# why does the seatbelt light keep beeping when i have my seatbelt on



## gentoodemon (Feb 3, 2006)

My car likes to beep and me with the seatbelt light on like its telling me to put it on when it autmatically slides over. I tried to put on the lap belt too but it still does it. anyone had this irritating problem


----------



## JRinke (Jan 10, 2006)

gentoodemon said:


> My car likes to beep and me with the seatbelt light on like its telling me to put it on when it autmatically slides over. I tried to put on the lap belt too but it still does it. anyone had this irritating problem


Well, I have a one piece seat belt set. But when my passenger seat belt isnt hooked up, regardless of anyone sitting in it, the light still flashes. It goes off as soon as I hook it up for wait long enough.


----------



## cdipier2 (Nov 26, 2005)

sometimes my belt light will randomly beep and blink when i drive. it only goes like 1 or two times


----------



## Twiz (Aug 24, 2004)

gentoodemon said:


> My car likes to beep and me with the seatbelt light on like its telling me to put it on when it autmatically slides over.
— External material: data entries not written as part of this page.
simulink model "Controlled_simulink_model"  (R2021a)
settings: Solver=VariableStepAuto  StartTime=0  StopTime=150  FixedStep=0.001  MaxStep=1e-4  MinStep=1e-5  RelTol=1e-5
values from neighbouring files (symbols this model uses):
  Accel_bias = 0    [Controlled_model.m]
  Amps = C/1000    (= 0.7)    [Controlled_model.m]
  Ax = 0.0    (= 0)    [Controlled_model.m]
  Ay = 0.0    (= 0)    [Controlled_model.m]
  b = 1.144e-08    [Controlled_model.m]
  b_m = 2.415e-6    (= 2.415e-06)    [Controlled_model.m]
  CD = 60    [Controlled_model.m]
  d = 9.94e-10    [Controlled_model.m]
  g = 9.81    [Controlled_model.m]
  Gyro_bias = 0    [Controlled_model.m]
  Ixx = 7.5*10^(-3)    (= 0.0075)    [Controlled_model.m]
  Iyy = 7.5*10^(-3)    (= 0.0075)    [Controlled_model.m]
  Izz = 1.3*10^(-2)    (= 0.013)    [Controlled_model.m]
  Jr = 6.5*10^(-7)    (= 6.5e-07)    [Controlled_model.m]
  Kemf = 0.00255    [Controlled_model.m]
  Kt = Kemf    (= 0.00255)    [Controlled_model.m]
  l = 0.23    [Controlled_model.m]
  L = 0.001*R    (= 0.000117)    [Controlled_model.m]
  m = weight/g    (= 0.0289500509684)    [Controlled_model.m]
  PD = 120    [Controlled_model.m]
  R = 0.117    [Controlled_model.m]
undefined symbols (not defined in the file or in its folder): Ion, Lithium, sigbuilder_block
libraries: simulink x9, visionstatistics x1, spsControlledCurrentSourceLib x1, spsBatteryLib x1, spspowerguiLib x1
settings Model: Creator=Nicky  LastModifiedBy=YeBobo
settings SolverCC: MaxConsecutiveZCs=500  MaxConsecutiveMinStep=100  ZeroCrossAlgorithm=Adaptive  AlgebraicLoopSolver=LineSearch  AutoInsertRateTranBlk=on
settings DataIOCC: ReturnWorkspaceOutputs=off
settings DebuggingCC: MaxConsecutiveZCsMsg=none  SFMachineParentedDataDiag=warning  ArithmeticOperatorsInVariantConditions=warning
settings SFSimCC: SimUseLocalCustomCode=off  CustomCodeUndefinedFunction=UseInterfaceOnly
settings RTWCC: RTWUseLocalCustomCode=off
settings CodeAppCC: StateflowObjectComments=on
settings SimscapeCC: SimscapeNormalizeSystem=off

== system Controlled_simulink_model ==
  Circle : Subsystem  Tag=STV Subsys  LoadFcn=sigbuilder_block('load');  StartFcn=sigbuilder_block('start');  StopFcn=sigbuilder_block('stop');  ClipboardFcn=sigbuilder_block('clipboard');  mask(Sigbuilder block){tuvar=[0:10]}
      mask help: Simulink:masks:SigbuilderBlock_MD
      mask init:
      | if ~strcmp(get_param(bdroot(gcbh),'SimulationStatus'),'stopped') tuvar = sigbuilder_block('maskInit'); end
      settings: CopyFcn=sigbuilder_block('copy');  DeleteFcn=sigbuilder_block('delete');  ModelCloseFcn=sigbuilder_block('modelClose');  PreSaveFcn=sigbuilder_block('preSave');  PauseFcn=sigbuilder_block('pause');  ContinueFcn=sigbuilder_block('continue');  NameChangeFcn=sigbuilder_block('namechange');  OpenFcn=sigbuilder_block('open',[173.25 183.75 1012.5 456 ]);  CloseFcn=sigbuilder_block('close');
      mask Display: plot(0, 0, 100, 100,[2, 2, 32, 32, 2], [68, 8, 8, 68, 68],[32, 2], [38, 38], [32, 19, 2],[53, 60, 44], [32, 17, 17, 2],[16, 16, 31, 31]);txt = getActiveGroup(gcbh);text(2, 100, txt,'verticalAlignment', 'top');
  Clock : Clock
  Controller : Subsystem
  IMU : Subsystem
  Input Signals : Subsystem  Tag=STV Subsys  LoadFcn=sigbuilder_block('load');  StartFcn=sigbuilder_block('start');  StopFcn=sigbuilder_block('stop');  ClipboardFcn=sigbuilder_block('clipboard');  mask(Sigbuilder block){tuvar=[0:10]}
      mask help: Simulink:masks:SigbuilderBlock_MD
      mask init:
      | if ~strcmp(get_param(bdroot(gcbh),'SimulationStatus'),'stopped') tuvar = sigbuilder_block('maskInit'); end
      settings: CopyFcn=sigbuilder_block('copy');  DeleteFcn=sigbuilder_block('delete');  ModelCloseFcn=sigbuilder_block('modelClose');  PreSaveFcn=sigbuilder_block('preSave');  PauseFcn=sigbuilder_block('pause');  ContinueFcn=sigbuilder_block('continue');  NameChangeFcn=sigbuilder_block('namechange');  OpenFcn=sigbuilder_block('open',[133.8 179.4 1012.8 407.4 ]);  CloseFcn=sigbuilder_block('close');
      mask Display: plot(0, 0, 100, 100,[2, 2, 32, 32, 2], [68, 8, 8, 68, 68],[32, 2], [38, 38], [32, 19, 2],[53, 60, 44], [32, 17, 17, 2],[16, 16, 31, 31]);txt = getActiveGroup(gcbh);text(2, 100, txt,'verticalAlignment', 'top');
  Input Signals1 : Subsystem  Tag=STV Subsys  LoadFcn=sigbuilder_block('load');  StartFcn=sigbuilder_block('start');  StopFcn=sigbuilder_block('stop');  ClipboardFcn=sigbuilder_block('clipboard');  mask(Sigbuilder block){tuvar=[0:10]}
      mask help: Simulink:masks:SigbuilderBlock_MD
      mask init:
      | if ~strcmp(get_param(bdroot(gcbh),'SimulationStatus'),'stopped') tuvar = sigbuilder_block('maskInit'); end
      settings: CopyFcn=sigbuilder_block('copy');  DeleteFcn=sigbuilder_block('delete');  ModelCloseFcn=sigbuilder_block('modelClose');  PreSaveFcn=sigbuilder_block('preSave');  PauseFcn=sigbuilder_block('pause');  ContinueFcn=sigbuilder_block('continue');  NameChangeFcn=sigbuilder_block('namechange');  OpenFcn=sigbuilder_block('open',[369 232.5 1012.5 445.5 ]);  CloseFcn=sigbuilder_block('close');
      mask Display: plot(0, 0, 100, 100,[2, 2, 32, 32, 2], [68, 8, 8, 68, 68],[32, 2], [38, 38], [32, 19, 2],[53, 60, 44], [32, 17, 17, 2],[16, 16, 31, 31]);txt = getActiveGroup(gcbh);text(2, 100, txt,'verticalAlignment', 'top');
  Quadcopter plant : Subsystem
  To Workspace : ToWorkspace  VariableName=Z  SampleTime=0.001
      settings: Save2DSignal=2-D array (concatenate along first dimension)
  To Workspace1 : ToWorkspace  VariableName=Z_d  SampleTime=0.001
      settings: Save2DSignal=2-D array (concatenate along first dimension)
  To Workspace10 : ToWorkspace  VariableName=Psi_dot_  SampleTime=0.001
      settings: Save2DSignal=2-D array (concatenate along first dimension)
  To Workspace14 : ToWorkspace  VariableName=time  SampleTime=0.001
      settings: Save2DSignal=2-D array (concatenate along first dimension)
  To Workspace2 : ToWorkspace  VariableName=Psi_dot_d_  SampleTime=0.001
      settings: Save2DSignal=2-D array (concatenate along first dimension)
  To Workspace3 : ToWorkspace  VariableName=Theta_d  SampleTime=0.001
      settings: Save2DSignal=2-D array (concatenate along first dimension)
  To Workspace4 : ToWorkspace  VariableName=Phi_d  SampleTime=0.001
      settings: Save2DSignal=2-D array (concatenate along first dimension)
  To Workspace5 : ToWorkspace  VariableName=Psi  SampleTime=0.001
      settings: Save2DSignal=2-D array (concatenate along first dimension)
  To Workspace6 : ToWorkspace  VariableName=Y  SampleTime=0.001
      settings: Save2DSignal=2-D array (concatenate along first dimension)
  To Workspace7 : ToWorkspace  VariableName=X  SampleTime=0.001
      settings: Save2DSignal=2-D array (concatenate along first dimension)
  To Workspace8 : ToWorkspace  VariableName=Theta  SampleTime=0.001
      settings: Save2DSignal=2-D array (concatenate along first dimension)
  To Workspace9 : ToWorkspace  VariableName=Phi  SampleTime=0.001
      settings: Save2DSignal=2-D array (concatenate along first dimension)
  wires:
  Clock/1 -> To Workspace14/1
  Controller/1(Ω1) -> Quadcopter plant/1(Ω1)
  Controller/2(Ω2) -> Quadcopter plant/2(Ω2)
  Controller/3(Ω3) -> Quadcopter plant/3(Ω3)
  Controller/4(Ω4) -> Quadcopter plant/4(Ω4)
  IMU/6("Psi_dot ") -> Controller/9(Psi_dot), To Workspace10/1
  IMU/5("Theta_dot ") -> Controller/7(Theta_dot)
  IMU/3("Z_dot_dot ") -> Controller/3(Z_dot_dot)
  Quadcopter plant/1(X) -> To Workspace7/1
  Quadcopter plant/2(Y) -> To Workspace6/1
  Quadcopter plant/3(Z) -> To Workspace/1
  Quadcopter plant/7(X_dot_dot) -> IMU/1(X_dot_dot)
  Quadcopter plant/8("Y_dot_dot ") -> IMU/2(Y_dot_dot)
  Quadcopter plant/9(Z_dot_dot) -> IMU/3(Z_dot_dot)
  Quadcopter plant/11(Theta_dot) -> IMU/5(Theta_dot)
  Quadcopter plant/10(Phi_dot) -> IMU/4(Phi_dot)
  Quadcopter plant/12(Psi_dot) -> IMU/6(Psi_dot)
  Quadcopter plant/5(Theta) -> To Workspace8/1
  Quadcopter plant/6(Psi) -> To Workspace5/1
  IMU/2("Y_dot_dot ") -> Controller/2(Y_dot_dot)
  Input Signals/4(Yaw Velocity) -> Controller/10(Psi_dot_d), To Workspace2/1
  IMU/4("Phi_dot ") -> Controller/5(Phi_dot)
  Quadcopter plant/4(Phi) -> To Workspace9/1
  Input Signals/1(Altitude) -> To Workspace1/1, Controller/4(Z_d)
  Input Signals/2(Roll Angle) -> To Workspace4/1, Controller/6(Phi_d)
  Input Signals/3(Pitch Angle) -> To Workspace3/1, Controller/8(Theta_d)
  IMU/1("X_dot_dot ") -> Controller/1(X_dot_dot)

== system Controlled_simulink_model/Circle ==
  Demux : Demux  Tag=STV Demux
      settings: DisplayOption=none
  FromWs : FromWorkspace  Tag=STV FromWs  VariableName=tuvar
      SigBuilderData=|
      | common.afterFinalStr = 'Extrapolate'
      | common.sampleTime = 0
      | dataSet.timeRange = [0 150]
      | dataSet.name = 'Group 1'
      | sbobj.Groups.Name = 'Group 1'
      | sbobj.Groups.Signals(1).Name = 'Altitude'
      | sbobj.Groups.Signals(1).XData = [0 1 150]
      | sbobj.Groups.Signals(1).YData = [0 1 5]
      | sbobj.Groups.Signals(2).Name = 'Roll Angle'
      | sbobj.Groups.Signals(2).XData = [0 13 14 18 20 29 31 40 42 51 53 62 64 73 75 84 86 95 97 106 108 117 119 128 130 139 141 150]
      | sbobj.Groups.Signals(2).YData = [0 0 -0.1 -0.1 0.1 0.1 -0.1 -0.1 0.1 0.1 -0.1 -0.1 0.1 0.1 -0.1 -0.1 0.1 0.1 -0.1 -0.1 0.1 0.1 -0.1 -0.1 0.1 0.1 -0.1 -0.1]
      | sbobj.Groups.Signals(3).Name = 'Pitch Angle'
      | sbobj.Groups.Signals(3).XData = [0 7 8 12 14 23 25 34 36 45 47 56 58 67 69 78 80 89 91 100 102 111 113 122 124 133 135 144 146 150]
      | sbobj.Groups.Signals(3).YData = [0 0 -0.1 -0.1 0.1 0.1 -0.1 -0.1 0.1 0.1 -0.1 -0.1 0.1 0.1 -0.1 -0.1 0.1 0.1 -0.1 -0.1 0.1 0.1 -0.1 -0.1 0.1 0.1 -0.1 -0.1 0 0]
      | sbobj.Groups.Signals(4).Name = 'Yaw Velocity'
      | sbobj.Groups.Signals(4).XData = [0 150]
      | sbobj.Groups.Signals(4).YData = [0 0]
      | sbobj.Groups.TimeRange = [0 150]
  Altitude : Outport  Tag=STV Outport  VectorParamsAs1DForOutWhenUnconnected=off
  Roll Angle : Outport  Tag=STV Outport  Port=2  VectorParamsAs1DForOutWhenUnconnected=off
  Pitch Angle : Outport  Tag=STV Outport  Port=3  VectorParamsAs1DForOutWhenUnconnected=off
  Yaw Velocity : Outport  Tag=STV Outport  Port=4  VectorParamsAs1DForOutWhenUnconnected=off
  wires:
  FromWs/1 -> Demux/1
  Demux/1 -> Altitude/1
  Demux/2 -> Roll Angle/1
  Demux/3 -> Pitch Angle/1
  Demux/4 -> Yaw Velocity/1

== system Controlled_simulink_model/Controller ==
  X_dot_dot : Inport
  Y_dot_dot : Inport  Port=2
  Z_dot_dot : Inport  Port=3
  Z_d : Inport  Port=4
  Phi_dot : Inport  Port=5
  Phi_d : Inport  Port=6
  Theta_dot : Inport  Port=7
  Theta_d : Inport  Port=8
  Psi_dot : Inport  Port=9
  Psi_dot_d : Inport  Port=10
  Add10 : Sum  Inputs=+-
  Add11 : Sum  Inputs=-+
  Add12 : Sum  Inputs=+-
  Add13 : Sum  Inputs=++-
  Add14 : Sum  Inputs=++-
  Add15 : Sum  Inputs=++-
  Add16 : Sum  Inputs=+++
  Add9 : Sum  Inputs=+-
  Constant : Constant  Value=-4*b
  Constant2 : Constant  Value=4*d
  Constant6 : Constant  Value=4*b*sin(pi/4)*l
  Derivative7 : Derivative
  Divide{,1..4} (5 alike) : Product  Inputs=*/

I tried to put on the lap belt too but it still does it. anyone had this irritating problem


Hook up all 4 seat belts in the front... Both emergency ones that slide and both lap ones... then start the engine. If you still have a problem then you'll have to check the electrical part behind the door sills. I believe the Nissan dealer will fix any issue with seat belts without any charge.


----------